▶ PROVIDED ENTRIES
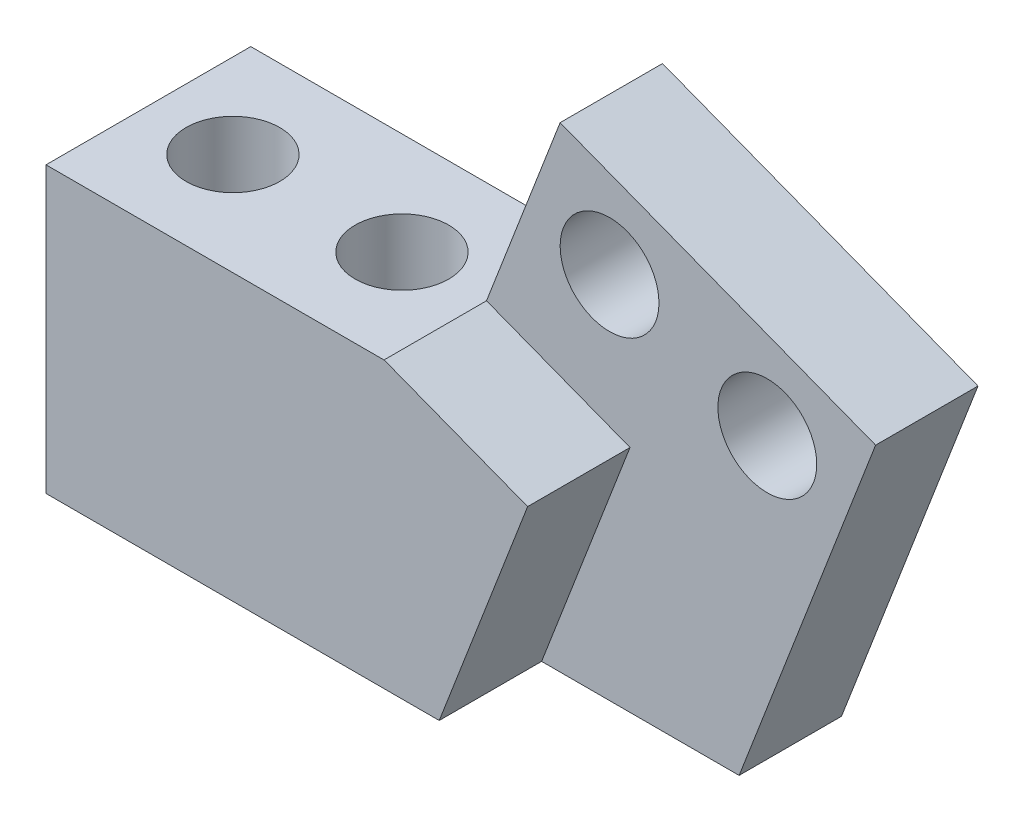
ISO-10303-21;
HEADER;
FILE_DESCRIPTION(('STEP AP214'),'2;1');
FILE_NAME('part.step','',(''),(''),'','','');
FILE_SCHEMA(('AUTOMOTIVE_DESIGN { 1 0 10303 214 1 1 1 1 }'));
ENDSEC;
DATA;
#1=APPLICATION_CONTEXT('core data for automotive mechanical design processes');
#2=APPLICATION_PROTOCOL_DEFINITION('international standard','automotive_design',2000,#1);
#3=PRODUCT_CONTEXT('',#1,'mechanical');
#4=PRODUCT('Part','Part','',(#3));
#5=PRODUCT_RELATED_PRODUCT_CATEGORY('part','',(#4));
#6=PRODUCT_DEFINITION_FORMATION('','',#4);
#7=PRODUCT_DEFINITION_CONTEXT('part definition',#1,'design');
#8=PRODUCT_DEFINITION('design','',#6,#7);
#9=PRODUCT_DEFINITION_SHAPE('','',#8);
#10=(LENGTH_UNIT() NAMED_UNIT(*) SI_UNIT(.MILLI.,.METRE.));
#11=(NAMED_UNIT(*) PLANE_ANGLE_UNIT() SI_UNIT($,.RADIAN.));
#12=(NAMED_UNIT(*) SI_UNIT($,.STERADIAN.) SOLID_ANGLE_UNIT());
#13=UNCERTAINTY_MEASURE_WITH_UNIT(LENGTH_MEASURE(1.E-05),#10,'distance_accuracy_value','');
#14=(GEOMETRIC_REPRESENTATION_CONTEXT(3) GLOBAL_UNCERTAINTY_ASSIGNED_CONTEXT((#13)) GLOBAL_UNIT_ASSIGNED_CONTEXT((#10,
#11,#12)) REPRESENTATION_CONTEXT('',''));
#15=CARTESIAN_POINT('',(0.,0.,0.));
#16=DIRECTION('',(0.,0.,1.));
#17=DIRECTION('',(1.,0.,0.));
#18=AXIS2_PLACEMENT_3D('',#15,#16,#17);
#19=CARTESIAN_POINT('',(-7.70308639124909,2.96774073142402,5.00000000000001));
#20=DIRECTION('',(0.933141900817577,-0.359508265466265,0.));
#21=DIRECTION('',(0.359508265466265,0.933141900817576,0.));
#22=AXIS2_PLACEMENT_3D('',#19,#20,#21);
#23=PLANE('',#22);
#24=DIRECTION('',(-0.359508265466265,-0.933141900817576,0.));
#25=VECTOR('',#24,1.);
#26=CARTESIAN_POINT('',(-7.70308639124909,2.96774073142402,5.00000000000001));
#27=LINE('',#26,#25);
#28=CARTESIAN_POINT('',(-11.2981690459117,-6.36367827675174,5.00000000000001));
#29=VERTEX_POINT('',#28);
#30=CARTESIAN_POINT('',(-11.3002079861797,-6.36897056285489,5.00000000000001));
#31=VERTEX_POINT('',#30);
#32=EDGE_CURVE('E151',#29,#31,#27,.T.);
#33=ORIENTED_EDGE('',*,*,#32,.F.);
#34=DIRECTION('',(0.,0.,1.));
#35=VECTOR('',#34,1.);
#36=CARTESIAN_POINT('',(-11.2981690459117,-6.36367827675174,0.));
#37=LINE('',#36,#35);
#38=CARTESIAN_POINT('',(-11.2981690459117,-6.36367827675174,0.));
#39=VERTEX_POINT('',#38);
#40=EDGE_CURVE('E43',#39,#29,#37,.T.);
#41=ORIENTED_EDGE('',*,*,#40,.F.);
#42=DIRECTION('',(-0.359508265466264,-0.933141900817576,0.));
#43=VECTOR('',#42,1.);
#44=CARTESIAN_POINT('',(-7.70308639124909,2.96774073142402,0.));
#45=LINE('',#44,#43);
#46=CARTESIAN_POINT('',(-7.70308639124909,2.96774073142402,0.));
#47=VERTEX_POINT('',#46);
#48=EDGE_CURVE('E118',#47,#39,#45,.T.);
#49=ORIENTED_EDGE('',*,*,#48,.F.);
#50=DIRECTION('',(0.,0.,-1.));
#51=VECTOR('',#50,1.);
#52=CARTESIAN_POINT('',(-7.70308639124909,2.96774073142402,5.00000000000001));
#53=LINE('',#52,#51);
#54=CARTESIAN_POINT('',(-7.70308639124909,2.96774073142402,-5.00000000000001));
#55=VERTEX_POINT('',#54);
#56=EDGE_CURVE('E157',#47,#55,#53,.T.);
#57=ORIENTED_EDGE('',*,*,#56,.T.);
#58=DIRECTION('',(-0.359508265466265,-0.933141900817576,0.));
#59=VECTOR('',#58,1.);
#60=CARTESIAN_POINT('',(-7.70308639124909,2.96774073142402,-5.00000000000001));
#61=LINE('',#60,#59);
#62=CARTESIAN_POINT('',(-11.3002079861797,-6.36897056285489,-5.00000000000001));
#63=VERTEX_POINT('',#62);
#64=EDGE_CURVE('E133',#55,#63,#61,.T.);
#65=ORIENTED_EDGE('',*,*,#64,.T.);
#66=DIRECTION('',(0.,0.,-1.));
#67=VECTOR('',#66,1.);
#68=CARTESIAN_POINT('',(-11.3002079861797,-6.36897056285489,5.00000000000001));
#69=LINE('',#68,#67);
#70=EDGE_CURVE('E11',#31,#63,#69,.T.);
#71=ORIENTED_EDGE('',*,*,#70,.F.);
#72=EDGE_LOOP('',(#33,#41,#49,#57,#65,#71));
#73=FACE_BOUND('',#72,.T.);
#74=ADVANCED_FACE('F29',(#73),#23,.F.);
#75=CARTESIAN_POINT('',(-27.8102079861797,-6.36897056285489,5.00000000000001));
#76=DIRECTION('',(0.,-1.,0.));
#77=DIRECTION('',(0.,0.,-1.));
#78=AXIS2_PLACEMENT_3D('',#75,#76,#77);
#79=PLANE('',#78);
#80=CARTESIAN_POINT('',(-15.4277079861797,-6.36897056285489,0.));
#81=DIRECTION('',(0.,1.,0.));
#82=DIRECTION('',(1.,0.,0.));
#83=AXIS2_PLACEMENT_3D('',#80,#81,#82);
#84=CIRCLE('',#83,2.286);
#85=CARTESIAN_POINT('',(-13.1417079861797,-6.36897056285489,0.));
#86=VERTEX_POINT('',#85);
#87=EDGE_CURVE('E278',#86,#86,#84,.T.);
#88=ORIENTED_EDGE('',*,*,#87,.F.);
#89=EDGE_LOOP('',(#88));
#90=FACE_BOUND('',#89,.T.);
#91=CARTESIAN_POINT('',(-23.6827079861797,-6.36897056285489,0.));
#92=DIRECTION('',(0.,1.,0.));
#93=DIRECTION('',(-1.,0.,0.));
#94=AXIS2_PLACEMENT_3D('',#91,#92,#93);
#95=CIRCLE('',#94,2.286);
#96=CARTESIAN_POINT('',(-25.9687079861797,-6.36897056285489,0.));
#97=VERTEX_POINT('',#96);
#98=EDGE_CURVE('E229',#97,#97,#95,.T.);
#99=ORIENTED_EDGE('',*,*,#98,.F.);
#100=EDGE_LOOP('',(#99));
#101=FACE_BOUND('',#100,.T.);
#102=DIRECTION('',(-1.,0.,0.));
#103=VECTOR('',#102,1.);
#104=CARTESIAN_POINT('',(-27.8102079861797,-6.36897056285489,-5.00000000000001));
#105=LINE('',#104,#103);
#106=CARTESIAN_POINT('',(-27.8102079861797,-6.36897056285489,-5.00000000000001));
#107=VERTEX_POINT('',#106);
#108=EDGE_CURVE('E138',#63,#107,#105,.T.);
#109=ORIENTED_EDGE('',*,*,#108,.T.);
#110=DIRECTION('',(0.,0.,-1.));
#111=VECTOR('',#110,1.);
#112=CARTESIAN_POINT('',(-27.8102079861797,-6.36897056285489,5.00000000000001));
#113=LINE('',#112,#111);
#114=CARTESIAN_POINT('',(-27.8102079861797,-6.36897056285489,5.00000000000001));
#115=VERTEX_POINT('',#114);
#116=EDGE_CURVE('E36',#115,#107,#113,.T.);
#117=ORIENTED_EDGE('',*,*,#116,.F.);
#118=DIRECTION('',(-1.,0.,0.));
#119=VECTOR('',#118,1.);
#120=CARTESIAN_POINT('',(-27.8102079861797,-6.36897056285489,5.00000000000001));
#121=LINE('',#120,#119);
#122=EDGE_CURVE('E153',#31,#115,#121,.T.);
#123=ORIENTED_EDGE('',*,*,#122,.F.);
#124=ORIENTED_EDGE('',*,*,#70,.T.);
#125=EDGE_LOOP('',(#109,#117,#123,#124));
#126=FACE_BOUND('',#125,.T.);
#127=ADVANCED_FACE('F190',(#90,#101,#126),#79,.F.);
#128=CARTESIAN_POINT('',(-27.8102079861797,-6.36897056285489,5.00000000000001));
#129=DIRECTION('',(1.,0.,0.));
#130=DIRECTION('',(0.,0.,-1.));
#131=AXIS2_PLACEMENT_3D('',#128,#129,#130);
#132=PLANE('',#131);
#133=DIRECTION('',(0.,-1.,0.));
#134=VECTOR('',#133,1.);
#135=CARTESIAN_POINT('',(-27.8102079861797,-6.36897056285489,-5.00000000000001));
#136=LINE('',#135,#134);
#137=CARTESIAN_POINT('',(-27.8102079861797,-20.2689705628549,-5.00000000000001));
#138=VERTEX_POINT('',#137);
#139=EDGE_CURVE('E140',#107,#138,#136,.T.);
#140=ORIENTED_EDGE('',*,*,#139,.T.);
#141=DIRECTION('',(0.,0.,-1.));
#142=VECTOR('',#141,1.);
#143=CARTESIAN_POINT('',(-27.8102079861797,-20.2689705628549,5.00000000000001));
#144=LINE('',#143,#142);
#145=CARTESIAN_POINT('',(-27.8102079861797,-20.2689705628549,5.00000000000001));
#146=VERTEX_POINT('',#145);
#147=EDGE_CURVE('E163',#146,#138,#144,.T.);
#148=ORIENTED_EDGE('',*,*,#147,.F.);
#149=DIRECTION('',(0.,-1.,0.));
#150=VECTOR('',#149,1.);
#151=CARTESIAN_POINT('',(-27.8102079861797,-6.36897056285489,5.00000000000001));
#152=LINE('',#151,#150);
#153=EDGE_CURVE('E51',#115,#146,#152,.T.);
#154=ORIENTED_EDGE('',*,*,#153,.F.);
#155=ORIENTED_EDGE('',*,*,#116,.T.);
#156=EDGE_LOOP('',(#140,#148,#154,#155));
#157=FACE_BOUND('',#156,.T.);
#158=ADVANCED_FACE('F169',(#157),#132,.F.);
#159=CARTESIAN_POINT('',(-27.8102079861797,-20.2689705628549,5.00000000000001));
#160=DIRECTION('',(0.,1.,0.));
#161=DIRECTION('',(0.,0.,1.));
#162=AXIS2_PLACEMENT_3D('',#159,#160,#161);
#163=PLANE('',#162);
#164=CARTESIAN_POINT('',(-15.4277079861797,-20.2689705628549,0.));
#165=DIRECTION('',(0.,1.,0.));
#166=DIRECTION('',(0.,0.,1.));
#167=AXIS2_PLACEMENT_3D('',#164,#165,#166);
#168=CIRCLE('',#167,2.286);
#169=CARTESIAN_POINT('',(-15.4277079861797,-20.2689705628549,2.286));
#170=VERTEX_POINT('',#169);
#171=EDGE_CURVE('E223',#170,#170,#168,.F.);
#172=ORIENTED_EDGE('',*,*,#171,.F.);
#173=EDGE_LOOP('',(#172));
#174=FACE_BOUND('',#173,.T.);
#175=CARTESIAN_POINT('',(-23.6827079861798,-20.2689705628549,0.));
#176=DIRECTION('',(0.,1.,0.));
#177=DIRECTION('',(0.,0.,1.));
#178=AXIS2_PLACEMENT_3D('',#175,#176,#177);
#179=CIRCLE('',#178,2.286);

▶ PROMPT
Each line from the one containing "#161=DIRECTION('',(0.,0.,1.));" through the last line of the material must be restated word for word, with no other text.

▶ RESULT OF THE EXERCISE
#161=DIRECTION('',(0.,0.,1.));
#162=AXIS2_PLACEMENT_3D('',#159,#160,#161);
#163=PLANE('',#162);
#164=CARTESIAN_POINT('',(-15.4277079861797,-20.2689705628549,0.));
#165=DIRECTION('',(0.,1.,0.));
#166=DIRECTION('',(0.,0.,1.));
#167=AXIS2_PLACEMENT_3D('',#164,#165,#166);
#168=CIRCLE('',#167,2.286);
#169=CARTESIAN_POINT('',(-15.4277079861797,-20.2689705628549,2.286));
#170=VERTEX_POINT('',#169);
#171=EDGE_CURVE('E223',#170,#170,#168,.F.);
#172=ORIENTED_EDGE('',*,*,#171,.F.);
#173=EDGE_LOOP('',(#172));
#174=FACE_BOUND('',#173,.T.);
#175=CARTESIAN_POINT('',(-23.6827079861798,-20.2689705628549,0.));
#176=DIRECTION('',(0.,1.,0.));
#177=DIRECTION('',(0.,0.,1.));
#178=AXIS2_PLACEMENT_3D('',#175,#176,#177);
#179=CIRCLE('',#178,2.286);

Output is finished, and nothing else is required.